## TASK PROMPT
Search term "BWSMA": copy each line of the data containing it.

[Records from a data collection]
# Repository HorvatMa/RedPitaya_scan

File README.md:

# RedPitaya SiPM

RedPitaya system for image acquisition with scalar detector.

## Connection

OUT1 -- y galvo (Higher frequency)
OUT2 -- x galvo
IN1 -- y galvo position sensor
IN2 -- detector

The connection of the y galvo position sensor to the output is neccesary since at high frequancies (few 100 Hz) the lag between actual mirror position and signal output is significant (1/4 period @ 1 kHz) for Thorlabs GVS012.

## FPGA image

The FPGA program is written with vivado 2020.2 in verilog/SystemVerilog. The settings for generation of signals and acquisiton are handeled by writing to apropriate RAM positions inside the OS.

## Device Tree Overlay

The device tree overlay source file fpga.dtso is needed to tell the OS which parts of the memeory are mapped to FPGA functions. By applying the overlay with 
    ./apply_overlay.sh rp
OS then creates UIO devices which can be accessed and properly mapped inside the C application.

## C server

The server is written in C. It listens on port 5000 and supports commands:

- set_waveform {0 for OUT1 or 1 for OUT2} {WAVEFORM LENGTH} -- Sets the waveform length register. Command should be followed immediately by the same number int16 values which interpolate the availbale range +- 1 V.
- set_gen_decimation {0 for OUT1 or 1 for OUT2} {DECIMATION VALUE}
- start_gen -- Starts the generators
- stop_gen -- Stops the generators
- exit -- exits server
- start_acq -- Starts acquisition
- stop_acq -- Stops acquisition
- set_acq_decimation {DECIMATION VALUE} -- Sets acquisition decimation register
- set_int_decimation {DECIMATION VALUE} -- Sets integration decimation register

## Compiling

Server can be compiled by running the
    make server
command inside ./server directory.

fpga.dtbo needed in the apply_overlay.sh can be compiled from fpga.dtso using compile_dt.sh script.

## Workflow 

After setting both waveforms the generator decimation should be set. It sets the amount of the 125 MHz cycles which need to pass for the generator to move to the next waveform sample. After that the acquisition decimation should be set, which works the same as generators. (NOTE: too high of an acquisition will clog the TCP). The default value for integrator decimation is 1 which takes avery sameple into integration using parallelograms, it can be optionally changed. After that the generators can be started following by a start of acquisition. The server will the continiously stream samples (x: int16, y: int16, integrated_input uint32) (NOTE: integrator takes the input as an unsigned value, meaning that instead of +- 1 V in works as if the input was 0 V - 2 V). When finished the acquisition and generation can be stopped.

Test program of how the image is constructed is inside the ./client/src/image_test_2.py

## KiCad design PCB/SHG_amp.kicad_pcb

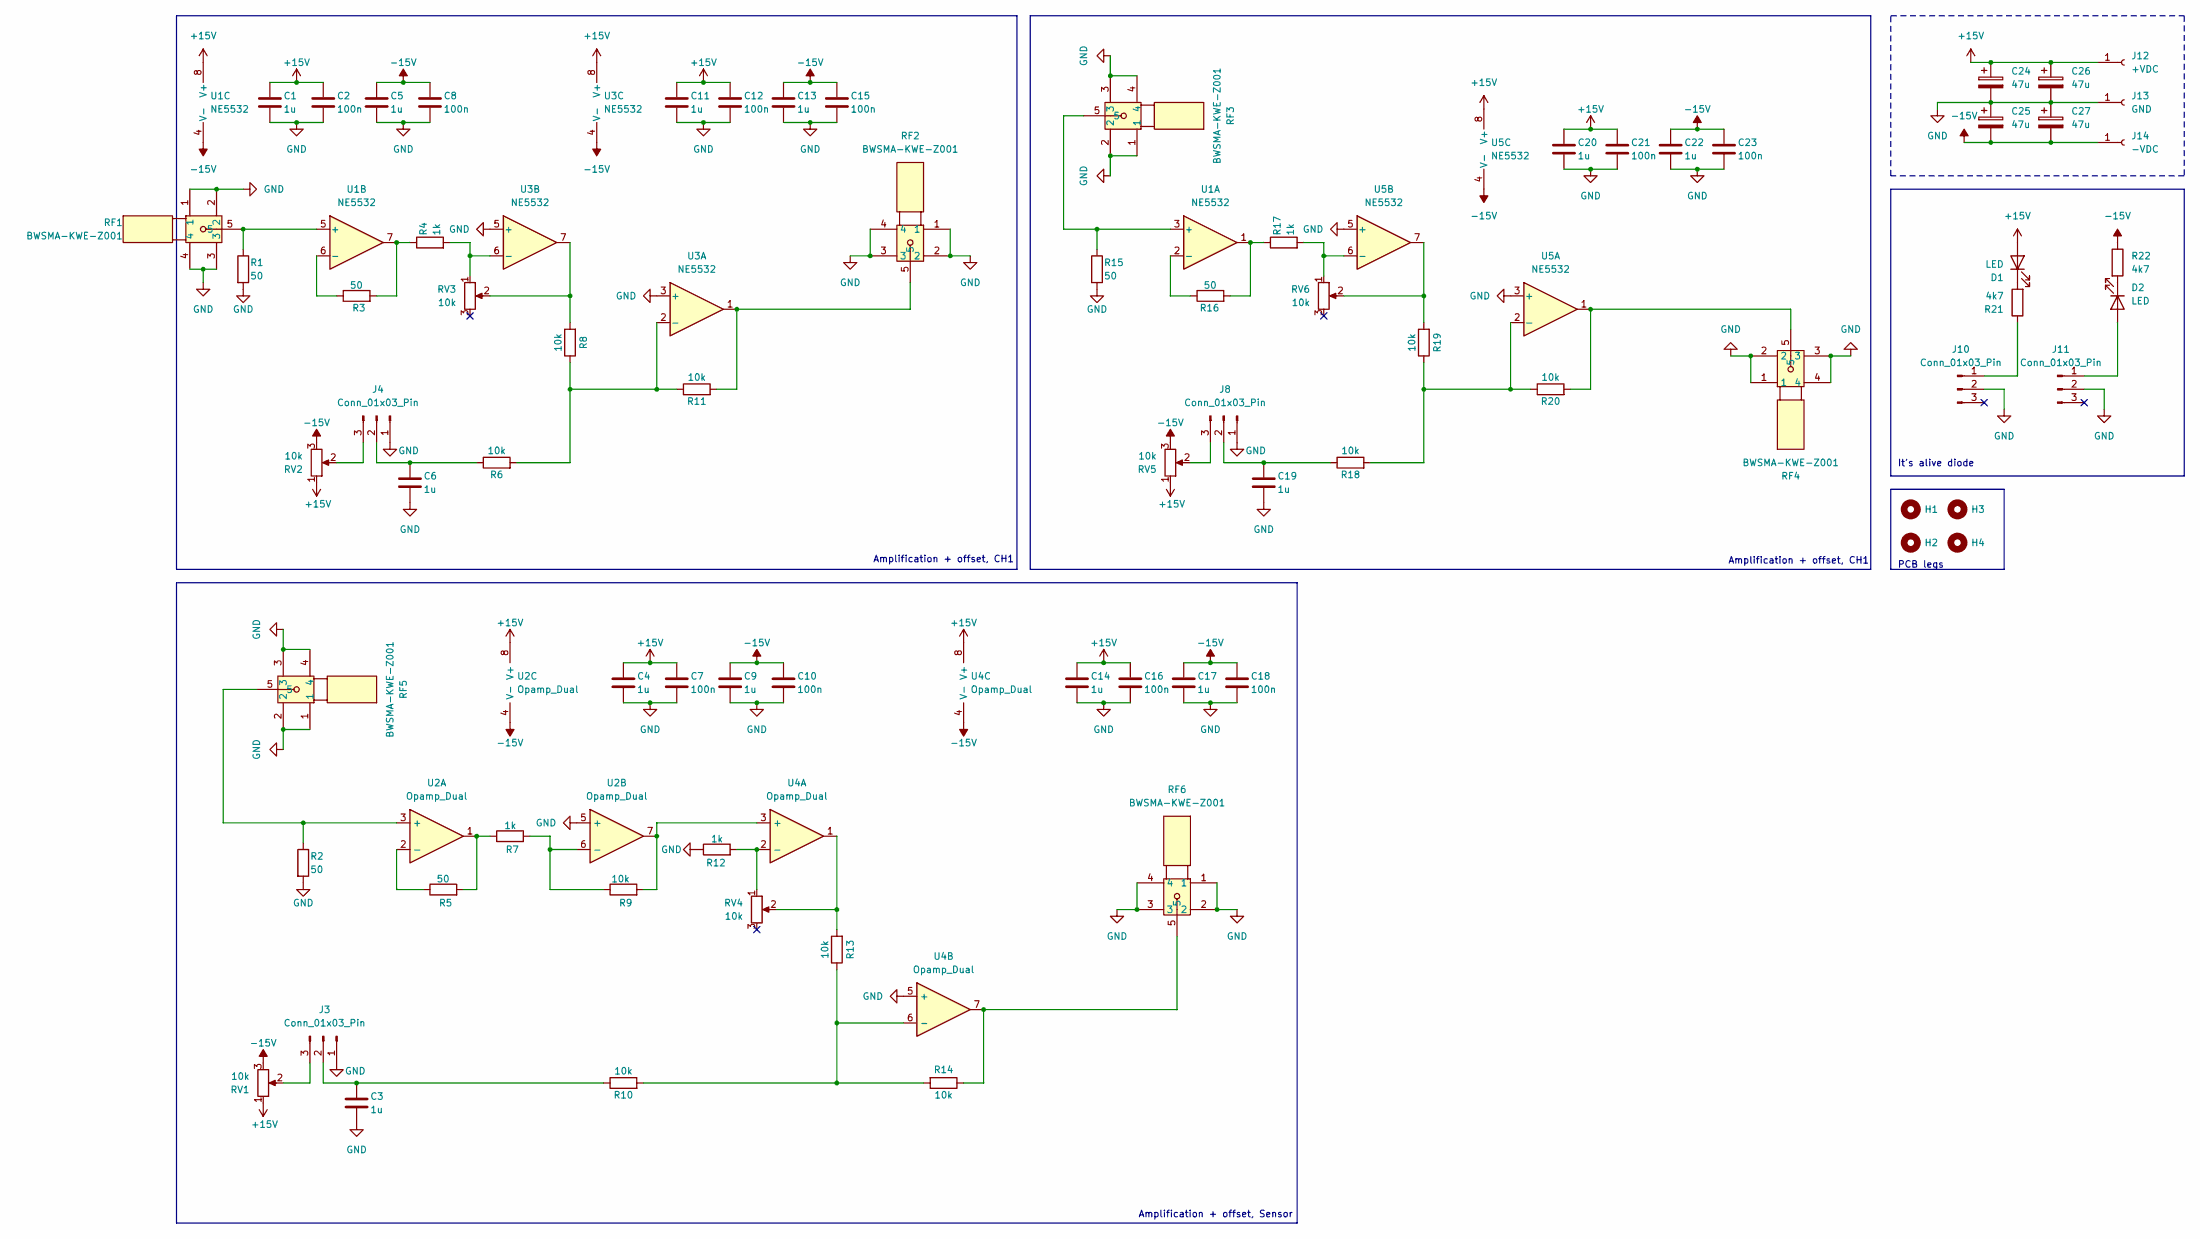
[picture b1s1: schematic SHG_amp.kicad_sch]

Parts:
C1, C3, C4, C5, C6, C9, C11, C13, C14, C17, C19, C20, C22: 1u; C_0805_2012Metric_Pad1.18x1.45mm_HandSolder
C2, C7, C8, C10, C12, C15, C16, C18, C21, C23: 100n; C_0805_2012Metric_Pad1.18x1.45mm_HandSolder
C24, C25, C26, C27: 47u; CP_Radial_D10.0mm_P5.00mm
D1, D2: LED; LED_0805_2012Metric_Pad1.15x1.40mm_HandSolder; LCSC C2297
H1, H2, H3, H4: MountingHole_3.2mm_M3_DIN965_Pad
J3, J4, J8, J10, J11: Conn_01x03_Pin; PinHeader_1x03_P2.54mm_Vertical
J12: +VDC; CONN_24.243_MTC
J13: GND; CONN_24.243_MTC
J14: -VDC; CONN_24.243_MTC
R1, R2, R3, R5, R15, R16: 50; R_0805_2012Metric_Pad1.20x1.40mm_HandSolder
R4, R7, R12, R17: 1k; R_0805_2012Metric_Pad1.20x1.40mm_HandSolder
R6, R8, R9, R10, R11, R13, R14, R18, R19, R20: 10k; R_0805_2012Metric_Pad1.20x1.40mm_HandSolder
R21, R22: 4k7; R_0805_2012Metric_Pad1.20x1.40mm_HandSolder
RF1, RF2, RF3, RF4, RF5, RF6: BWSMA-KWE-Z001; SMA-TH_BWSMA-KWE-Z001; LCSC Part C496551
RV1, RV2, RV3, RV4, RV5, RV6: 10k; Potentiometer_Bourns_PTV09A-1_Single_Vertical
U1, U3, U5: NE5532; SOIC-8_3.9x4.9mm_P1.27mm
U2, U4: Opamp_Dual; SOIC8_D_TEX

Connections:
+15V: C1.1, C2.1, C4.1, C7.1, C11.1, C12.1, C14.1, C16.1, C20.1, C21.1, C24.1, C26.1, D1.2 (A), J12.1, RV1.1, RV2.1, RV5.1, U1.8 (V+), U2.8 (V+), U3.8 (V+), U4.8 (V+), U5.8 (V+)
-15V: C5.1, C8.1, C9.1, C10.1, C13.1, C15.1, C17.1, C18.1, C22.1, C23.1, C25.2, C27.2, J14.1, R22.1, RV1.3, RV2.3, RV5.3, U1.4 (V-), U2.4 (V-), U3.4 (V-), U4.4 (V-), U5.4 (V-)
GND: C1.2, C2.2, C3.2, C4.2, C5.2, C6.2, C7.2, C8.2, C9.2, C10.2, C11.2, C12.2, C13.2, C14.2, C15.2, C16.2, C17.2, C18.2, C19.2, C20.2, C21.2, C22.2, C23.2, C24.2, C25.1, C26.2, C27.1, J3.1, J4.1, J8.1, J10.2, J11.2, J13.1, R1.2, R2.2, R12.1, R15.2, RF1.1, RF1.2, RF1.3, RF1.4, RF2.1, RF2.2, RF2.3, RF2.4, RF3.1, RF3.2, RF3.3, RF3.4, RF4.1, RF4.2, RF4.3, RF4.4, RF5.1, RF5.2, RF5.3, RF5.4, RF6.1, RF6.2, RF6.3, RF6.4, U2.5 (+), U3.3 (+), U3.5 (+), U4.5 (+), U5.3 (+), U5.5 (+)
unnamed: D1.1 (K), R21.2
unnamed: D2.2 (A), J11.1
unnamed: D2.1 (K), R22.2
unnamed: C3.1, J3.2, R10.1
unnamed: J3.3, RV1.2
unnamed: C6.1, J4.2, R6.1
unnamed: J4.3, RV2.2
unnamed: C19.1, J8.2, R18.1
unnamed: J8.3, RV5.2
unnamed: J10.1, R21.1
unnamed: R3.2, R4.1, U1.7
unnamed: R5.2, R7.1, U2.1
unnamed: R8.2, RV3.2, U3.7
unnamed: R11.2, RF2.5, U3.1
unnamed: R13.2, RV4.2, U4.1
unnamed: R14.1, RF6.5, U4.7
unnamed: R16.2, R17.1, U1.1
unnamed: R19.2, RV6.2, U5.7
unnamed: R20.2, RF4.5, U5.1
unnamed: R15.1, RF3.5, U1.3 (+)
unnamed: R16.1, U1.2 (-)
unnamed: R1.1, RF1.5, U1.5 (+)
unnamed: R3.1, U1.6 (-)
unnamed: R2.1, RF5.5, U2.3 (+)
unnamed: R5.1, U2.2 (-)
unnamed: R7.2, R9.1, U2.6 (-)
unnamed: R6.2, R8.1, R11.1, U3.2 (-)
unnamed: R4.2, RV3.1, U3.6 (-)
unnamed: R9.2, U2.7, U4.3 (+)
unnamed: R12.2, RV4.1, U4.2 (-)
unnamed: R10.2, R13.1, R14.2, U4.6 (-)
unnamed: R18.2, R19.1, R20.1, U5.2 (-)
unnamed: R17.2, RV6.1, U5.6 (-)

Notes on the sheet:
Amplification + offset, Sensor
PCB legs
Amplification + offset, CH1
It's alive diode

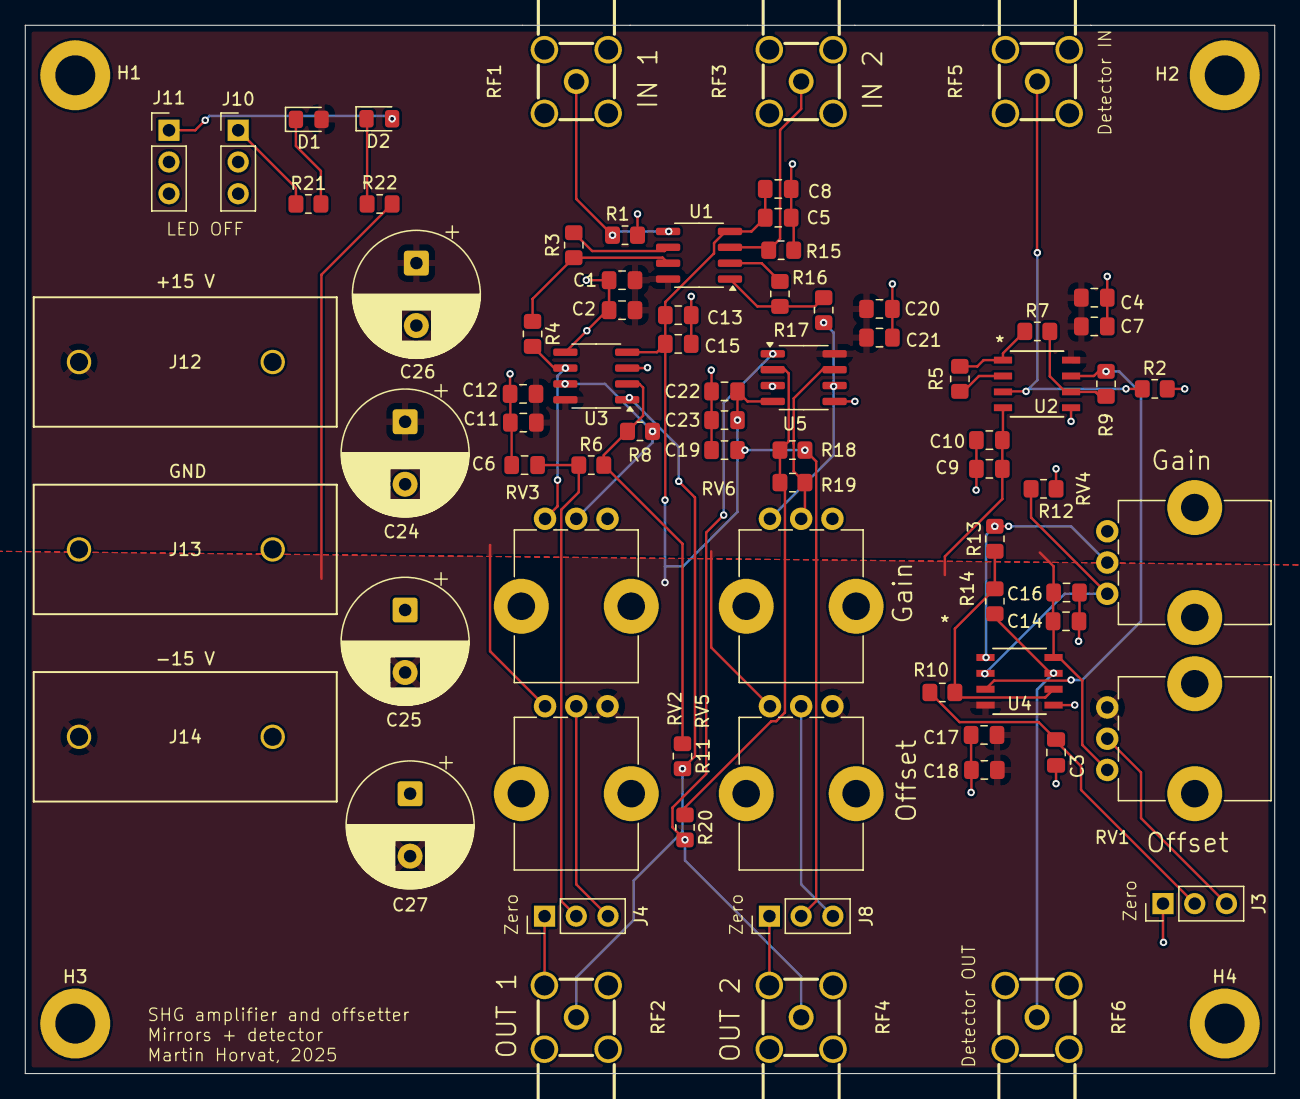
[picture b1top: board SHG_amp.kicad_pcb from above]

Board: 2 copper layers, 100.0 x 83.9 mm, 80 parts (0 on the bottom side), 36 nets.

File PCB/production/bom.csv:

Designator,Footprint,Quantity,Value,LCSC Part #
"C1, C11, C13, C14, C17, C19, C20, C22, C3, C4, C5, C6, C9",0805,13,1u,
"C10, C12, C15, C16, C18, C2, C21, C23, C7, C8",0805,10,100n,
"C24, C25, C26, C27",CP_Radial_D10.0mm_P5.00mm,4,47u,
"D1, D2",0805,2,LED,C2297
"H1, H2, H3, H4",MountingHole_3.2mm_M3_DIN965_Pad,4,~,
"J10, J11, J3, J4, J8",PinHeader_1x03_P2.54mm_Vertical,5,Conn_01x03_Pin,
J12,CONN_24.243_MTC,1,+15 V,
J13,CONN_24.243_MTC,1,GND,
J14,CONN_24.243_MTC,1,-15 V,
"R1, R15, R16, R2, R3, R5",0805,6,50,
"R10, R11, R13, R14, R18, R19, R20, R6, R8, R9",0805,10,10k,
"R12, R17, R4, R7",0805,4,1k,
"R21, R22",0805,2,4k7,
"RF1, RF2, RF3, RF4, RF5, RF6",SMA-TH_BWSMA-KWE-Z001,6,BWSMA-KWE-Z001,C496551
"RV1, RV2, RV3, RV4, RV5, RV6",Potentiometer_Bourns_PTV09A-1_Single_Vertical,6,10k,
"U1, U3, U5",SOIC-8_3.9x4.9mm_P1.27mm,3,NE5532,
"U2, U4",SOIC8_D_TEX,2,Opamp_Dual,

## PROBLEM SOLUTION
RF1, RF2, RF3, RF4, RF5, RF6: BWSMA-KWE-Z001; SMA-TH_BWSMA-KWE-Z001; LCSC Part C496551
"RF1, RF2, RF3, RF4, RF5, RF6",SMA-TH_BWSMA-KWE-Z001,6,BWSMA-KWE-Z001,C496551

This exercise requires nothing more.